» Work instruction
Looking through the listing that follows, count the lines that contain "Service" and give only that number.

» Records for this task
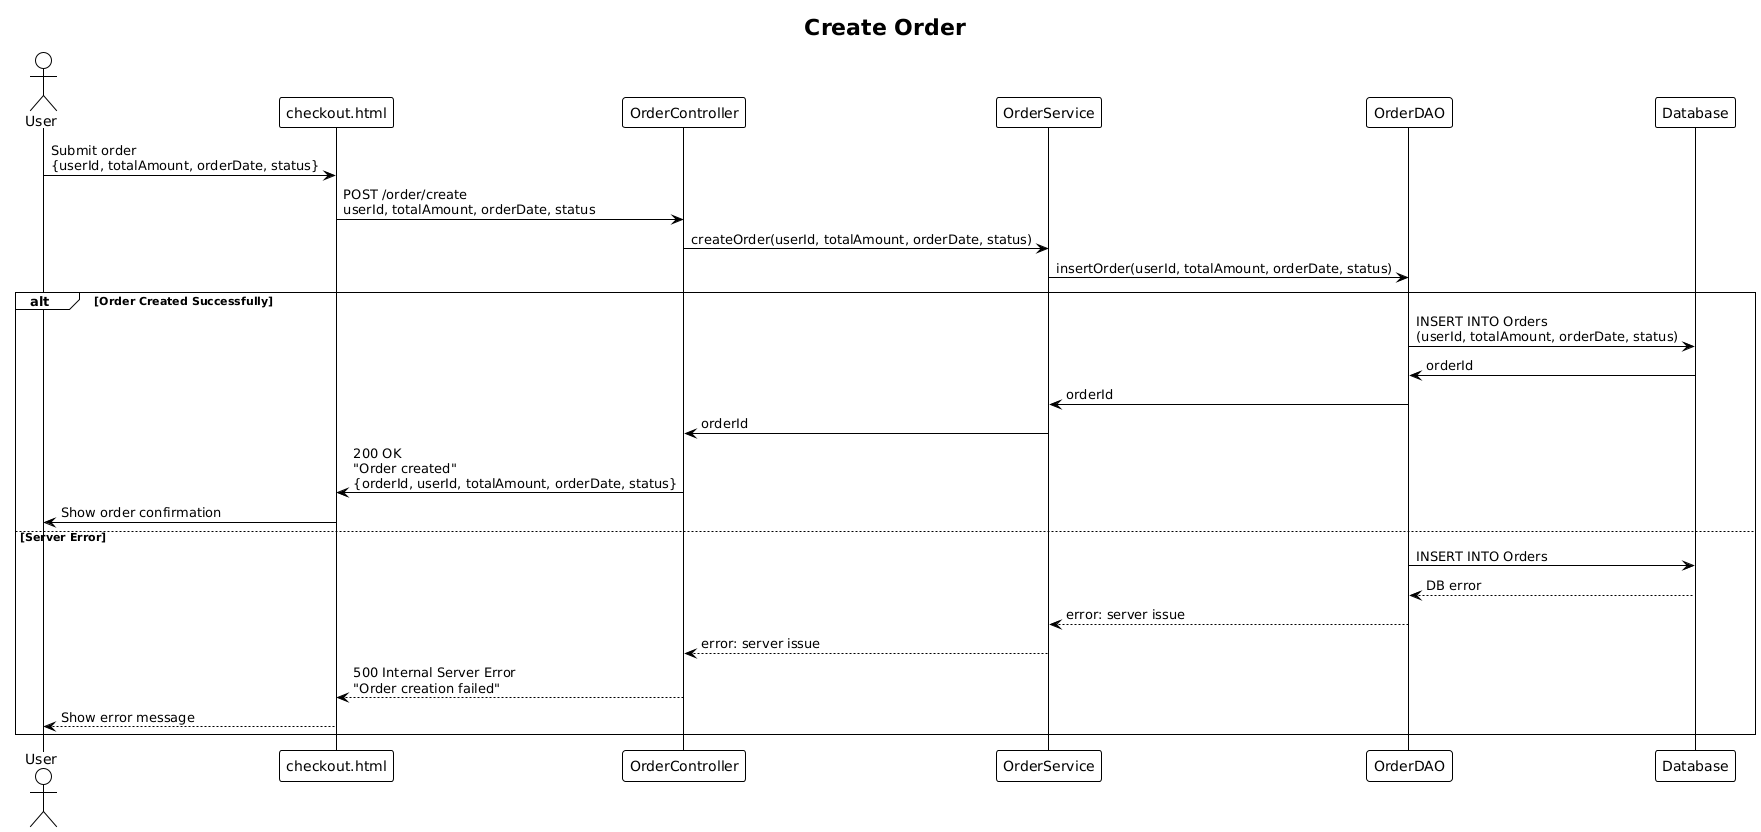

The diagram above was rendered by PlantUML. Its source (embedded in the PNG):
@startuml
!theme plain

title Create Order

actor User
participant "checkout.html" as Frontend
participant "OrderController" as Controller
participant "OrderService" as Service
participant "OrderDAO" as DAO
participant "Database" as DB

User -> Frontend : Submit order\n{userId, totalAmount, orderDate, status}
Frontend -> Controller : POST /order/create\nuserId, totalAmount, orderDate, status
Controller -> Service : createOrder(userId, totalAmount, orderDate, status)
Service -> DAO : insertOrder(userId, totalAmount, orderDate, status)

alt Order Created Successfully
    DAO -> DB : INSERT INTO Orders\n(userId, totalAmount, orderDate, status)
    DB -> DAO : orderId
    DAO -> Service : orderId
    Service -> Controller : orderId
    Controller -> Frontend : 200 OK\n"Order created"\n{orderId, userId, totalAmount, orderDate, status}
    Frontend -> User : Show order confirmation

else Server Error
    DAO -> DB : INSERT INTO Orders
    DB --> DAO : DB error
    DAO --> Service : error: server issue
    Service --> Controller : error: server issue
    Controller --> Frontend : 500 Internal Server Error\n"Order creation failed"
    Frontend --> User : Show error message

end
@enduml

» Solution to this task
7